* _Exercise aim_
Only the count should appear in your answer: how many lines of the data below contain the word "rounded"?

* _Material to process_
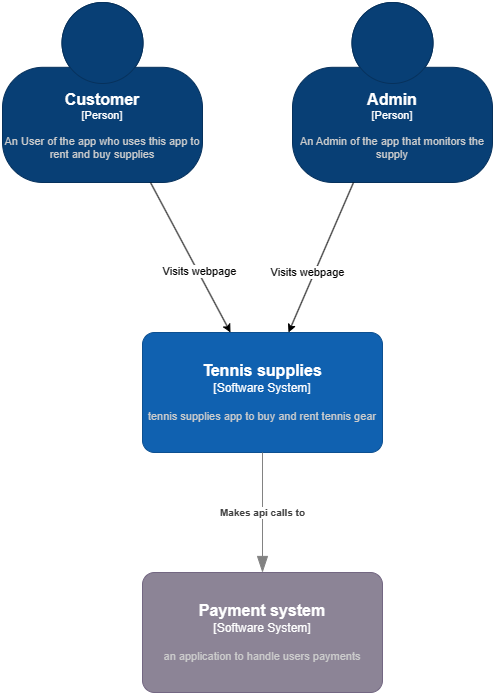

The diagram above was exported from draw.io. Its source (the exported page's mxGraphModel, read from the mxfile embedded in the PNG):
<mxGraphModel dx="1042" dy="1704" grid="1" gridSize="10" guides="1" tooltips="1" connect="1" arrows="1" fold="1" page="1" pageScale="1" pageWidth="827" pageHeight="1169" math="0" shadow="0">
  <root>
    <mxCell id="0" />
    <mxCell id="1" parent="0" />
    <object placeholders="1" c4Name="Customer" c4Type="Person" c4Description="An User of the app who uses this app to rent and buy supplies" label="&lt;font style=&quot;font-size: 16px&quot;&gt;&lt;b&gt;%c4Name%&lt;/b&gt;&lt;/font&gt;&lt;div&gt;[%c4Type%]&lt;/div&gt;&lt;br&gt;&lt;div&gt;&lt;font style=&quot;font-size: 11px&quot;&gt;&lt;font color=&quot;#cccccc&quot;&gt;%c4Description%&lt;/font&gt;&lt;/div&gt;" id="Ko6UiJm1VODdn0ObUTSB-2">
      <mxCell style="html=1;fontSize=11;dashed=0;whiteSpace=wrap;fillColor=#083F75;strokeColor=#06315C;fontColor=#ffffff;shape=mxgraph.c4.person2;align=center;metaEdit=1;points=[[0.5,0,0],[1,0.5,0],[1,0.75,0],[0.75,1,0],[0.5,1,0],[0.25,1,0],[0,0.75,0],[0,0.5,0]];resizable=0;" parent="1" vertex="1">
        <mxGeometry x="130" y="-130" width="200" height="180" as="geometry" />
      </mxCell>
    </object>
    <object placeholders="1" c4Name="Admin" c4Type="Person" c4Description="An Admin of the app that monitors the supply " label="&lt;font style=&quot;font-size: 16px&quot;&gt;&lt;b&gt;%c4Name%&lt;/b&gt;&lt;/font&gt;&lt;div&gt;[%c4Type%]&lt;/div&gt;&lt;br&gt;&lt;div&gt;&lt;font style=&quot;font-size: 11px&quot;&gt;&lt;font color=&quot;#cccccc&quot;&gt;%c4Description%&lt;/font&gt;&lt;/div&gt;" id="Ko6UiJm1VODdn0ObUTSB-3">
      <mxCell style="html=1;fontSize=11;dashed=0;whiteSpace=wrap;fillColor=#083F75;strokeColor=#06315C;fontColor=#ffffff;shape=mxgraph.c4.person2;align=center;metaEdit=1;points=[[0.5,0,0],[1,0.5,0],[1,0.75,0],[0.75,1,0],[0.5,1,0],[0.25,1,0],[0,0.75,0],[0,0.5,0]];resizable=0;" parent="1" vertex="1">
        <mxGeometry x="420" y="-130" width="200" height="180" as="geometry" />
      </mxCell>
    </object>
    <object placeholders="1" c4Name="Tennis supplies" c4Type="Software System" c4Description="tennis supplies app to buy and rent tennis gear" label="&lt;font style=&quot;font-size: 16px&quot;&gt;&lt;b&gt;%c4Name%&lt;/b&gt;&lt;/font&gt;&lt;div&gt;[%c4Type%]&lt;/div&gt;&lt;br&gt;&lt;div&gt;&lt;font style=&quot;font-size: 11px&quot;&gt;&lt;font color=&quot;#cccccc&quot;&gt;%c4Description%&lt;/font&gt;&lt;/div&gt;" id="Ko6UiJm1VODdn0ObUTSB-4">
      <mxCell style="rounded=1;whiteSpace=wrap;html=1;labelBackgroundColor=none;fillColor=#1061B0;fontColor=#ffffff;align=center;arcSize=10;strokeColor=#0D5091;metaEdit=1;resizable=0;points=[[0.25,0,0],[0.5,0,0],[0.75,0,0],[1,0.25,0],[1,0.5,0],[1,0.75,0],[0.75,1,0],[0.5,1,0],[0.25,1,0],[0,0.75,0],[0,0.5,0],[0,0.25,0]];" parent="1" vertex="1">
        <mxGeometry x="270" y="200" width="240" height="120" as="geometry" />
      </mxCell>
    </object>
    <mxCell id="Ko6UiJm1VODdn0ObUTSB-6" value="" style="endArrow=classic;html=1;rounded=0;" parent="1" source="Ko6UiJm1VODdn0ObUTSB-2" target="Ko6UiJm1VODdn0ObUTSB-4" edge="1">
      <mxGeometry width="50" height="50" relative="1" as="geometry">
        <mxPoint x="-10" y="280" as="sourcePoint" />
        <mxPoint x="40" y="230" as="targetPoint" />
      </mxGeometry>
    </mxCell>
    <mxCell id="Ko6UiJm1VODdn0ObUTSB-9" value="Visits webpage" style="edgeLabel;html=1;align=center;verticalAlign=middle;resizable=0;points=[];" parent="Ko6UiJm1VODdn0ObUTSB-6" vertex="1" connectable="0">
      <mxGeometry x="0.1952" y="1" relative="1" as="geometry">
        <mxPoint y="-1" as="offset" />
      </mxGeometry>
    </mxCell>
    <mxCell id="Ko6UiJm1VODdn0ObUTSB-7" value="" style="endArrow=classic;html=1;rounded=0;" parent="1" source="Ko6UiJm1VODdn0ObUTSB-3" target="Ko6UiJm1VODdn0ObUTSB-4" edge="1">
      <mxGeometry width="50" height="50" relative="1" as="geometry">
        <mxPoint x="160" y="490" as="sourcePoint" />
        <mxPoint x="210" y="440" as="targetPoint" />
      </mxGeometry>
    </mxCell>
    <mxCell id="Ko6UiJm1VODdn0ObUTSB-8" value="Visits webpage" style="edgeLabel;html=1;align=center;verticalAlign=middle;resizable=0;points=[];" parent="Ko6UiJm1VODdn0ObUTSB-7" vertex="1" connectable="0">
      <mxGeometry x="0.4521" y="1" relative="1" as="geometry">
        <mxPoint y="-20" as="offset" />
      </mxGeometry>
    </mxCell>
    <object placeholders="1" c4Name="Payment system" c4Type="Software System" c4Description="an application to handle users payments" label="&lt;font style=&quot;font-size: 16px&quot;&gt;&lt;b&gt;%c4Name%&lt;/b&gt;&lt;/font&gt;&lt;div&gt;[%c4Type%]&lt;/div&gt;&lt;br&gt;&lt;div&gt;&lt;font style=&quot;font-size: 11px&quot;&gt;&lt;font color=&quot;#cccccc&quot;&gt;%c4Description%&lt;/font&gt;&lt;/div&gt;" id="Ko6UiJm1VODdn0ObUTSB-10">
      <mxCell style="rounded=1;whiteSpace=wrap;html=1;labelBackgroundColor=none;fillColor=#8C8496;fontColor=#ffffff;align=center;arcSize=10;strokeColor=#736782;metaEdit=1;resizable=0;points=[[0.25,0,0],[0.5,0,0],[0.75,0,0],[1,0.25,0],[1,0.5,0],[1,0.75,0],[0.75,1,0],[0.5,1,0],[0.25,1,0],[0,0.75,0],[0,0.5,0],[0,0.25,0]];" parent="1" vertex="1">
        <mxGeometry x="270" y="440" width="240" height="120" as="geometry" />
      </mxCell>
    </object>
    <object placeholders="1" c4Type="Relationship" c4Description="Makes api calls to" label="&lt;div style=&quot;text-align: left&quot;&gt;&lt;div style=&quot;text-align: center&quot;&gt;&lt;b&gt;%c4Description%&lt;/b&gt;&lt;/div&gt;" id="Ko6UiJm1VODdn0ObUTSB-11">
      <mxCell style="endArrow=blockThin;html=1;fontSize=10;fontColor=#404040;strokeWidth=1;endFill=1;strokeColor=#828282;elbow=vertical;metaEdit=1;endSize=14;startSize=14;jumpStyle=arc;jumpSize=16;rounded=0;edgeStyle=orthogonalEdgeStyle;" parent="1" source="Ko6UiJm1VODdn0ObUTSB-4" target="Ko6UiJm1VODdn0ObUTSB-10" edge="1">
        <mxGeometry width="240" relative="1" as="geometry">
          <mxPoint x="60" y="580" as="sourcePoint" />
          <mxPoint x="300" y="580" as="targetPoint" />
        </mxGeometry>
      </mxCell>
    </object>
  </root>
</mxGraphModel>

* _The answer_
5